- [WORK TASK]: Could you give the data that follows again exactly, without its pictures?

- [DATA TO EXAMINE]:
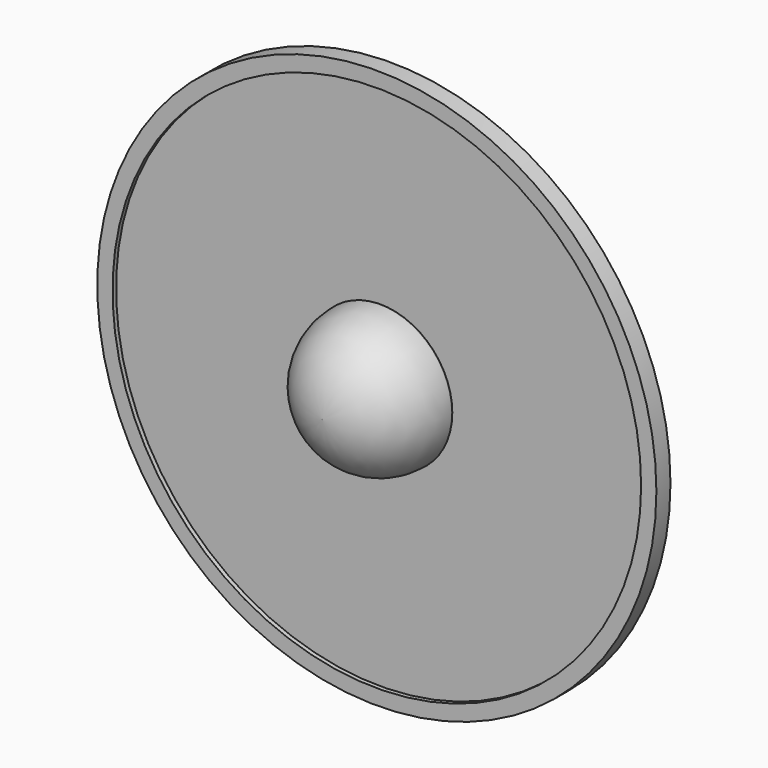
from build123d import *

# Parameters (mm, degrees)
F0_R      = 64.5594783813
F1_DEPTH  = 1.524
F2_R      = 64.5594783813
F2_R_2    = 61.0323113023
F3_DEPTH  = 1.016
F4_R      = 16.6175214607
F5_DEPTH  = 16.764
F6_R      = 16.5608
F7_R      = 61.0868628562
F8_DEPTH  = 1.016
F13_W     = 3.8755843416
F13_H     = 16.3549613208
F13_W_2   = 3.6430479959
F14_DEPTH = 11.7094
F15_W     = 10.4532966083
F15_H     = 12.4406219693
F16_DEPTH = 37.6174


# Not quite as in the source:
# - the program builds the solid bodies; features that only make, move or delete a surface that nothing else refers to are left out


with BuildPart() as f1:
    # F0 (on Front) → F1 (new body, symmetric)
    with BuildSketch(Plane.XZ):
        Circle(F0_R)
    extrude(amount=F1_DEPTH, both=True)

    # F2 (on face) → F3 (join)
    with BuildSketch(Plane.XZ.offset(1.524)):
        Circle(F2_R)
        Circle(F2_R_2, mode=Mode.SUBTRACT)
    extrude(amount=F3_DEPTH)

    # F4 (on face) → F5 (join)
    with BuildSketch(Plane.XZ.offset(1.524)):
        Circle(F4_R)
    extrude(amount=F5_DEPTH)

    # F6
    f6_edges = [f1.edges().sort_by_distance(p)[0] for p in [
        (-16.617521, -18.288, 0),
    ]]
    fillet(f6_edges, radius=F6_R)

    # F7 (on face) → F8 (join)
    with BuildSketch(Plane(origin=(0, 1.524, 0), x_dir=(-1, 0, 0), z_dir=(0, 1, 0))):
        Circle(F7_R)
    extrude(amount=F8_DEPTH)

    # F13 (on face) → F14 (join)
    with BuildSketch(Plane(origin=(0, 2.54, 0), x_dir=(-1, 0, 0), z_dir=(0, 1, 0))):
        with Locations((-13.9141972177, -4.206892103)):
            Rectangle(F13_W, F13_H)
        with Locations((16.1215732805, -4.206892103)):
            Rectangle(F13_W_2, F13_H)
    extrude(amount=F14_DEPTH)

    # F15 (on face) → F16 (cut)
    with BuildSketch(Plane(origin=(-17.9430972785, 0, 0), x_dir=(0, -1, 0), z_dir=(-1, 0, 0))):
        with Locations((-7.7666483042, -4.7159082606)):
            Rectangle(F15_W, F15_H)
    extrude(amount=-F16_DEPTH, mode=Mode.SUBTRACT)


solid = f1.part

- [SOLVED EXERCISE]:
from build123d import *

# Parameters (mm, degrees)
F0_R      = 64.5594783813
F1_DEPTH  = 1.524
F2_R      = 64.5594783813
F2_R_2    = 61.0323113023
F3_DEPTH  = 1.016
F4_R      = 16.6175214607
F5_DEPTH  = 16.764
F6_R      = 16.5608
F7_R      = 61.0868628562
F8_DEPTH  = 1.016
F13_W     = 3.8755843416
F13_H     = 16.3549613208
F13_W_2   = 3.6430479959
F14_DEPTH = 11.7094
F15_W     = 10.4532966083
F15_H     = 12.4406219693
F16_DEPTH = 37.6174


# Not quite as in the source:
# - the program builds the solid bodies; features that only make, move or delete a surface that nothing else refers to are left out


with BuildPart() as f1:
    # F0 (on Front) → F1 (new body, symmetric)
    with BuildSketch(Plane.XZ):
        Circle(F0_R)
    extrude(amount=F1_DEPTH, both=True)

    # F2 (on face) → F3 (join)
    with BuildSketch(Plane.XZ.offset(1.524)):
        Circle(F2_R)
        Circle(F2_R_2, mode=Mode.SUBTRACT)
    extrude(amount=F3_DEPTH)

    # F4 (on face) → F5 (join)
    with BuildSketch(Plane.XZ.offset(1.524)):
        Circle(F4_R)
    extrude(amount=F5_DEPTH)

    # F6
    f6_edges = [f1.edges().sort_by_distance(p)[0] for p in [
        (-16.617521, -18.288, 0),
    ]]
    fillet(f6_edges, radius=F6_R)

    # F7 (on face) → F8 (join)
    with BuildSketch(Plane(origin=(0, 1.524, 0), x_dir=(-1, 0, 0), z_dir=(0, 1, 0))):
        Circle(F7_R)
    extrude(amount=F8_DEPTH)

    # F13 (on face) → F14 (join)
    with BuildSketch(Plane(origin=(0, 2.54, 0), x_dir=(-1, 0, 0), z_dir=(0, 1, 0))):
        with Locations((-13.9141972177, -4.206892103)):
            Rectangle(F13_W, F13_H)
        with Locations((16.1215732805, -4.206892103)):
            Rectangle(F13_W_2, F13_H)
    extrude(amount=F14_DEPTH)

    # F15 (on face) → F16 (cut)
    with BuildSketch(Plane(origin=(-17.9430972785, 0, 0), x_dir=(0, -1, 0), z_dir=(-1, 0, 0))):
        with Locations((-7.7666483042, -4.7159082606)):
            Rectangle(F15_W, F15_H)
    extrude(amount=-F16_DEPTH, mode=Mode.SUBTRACT)


solid = f1.part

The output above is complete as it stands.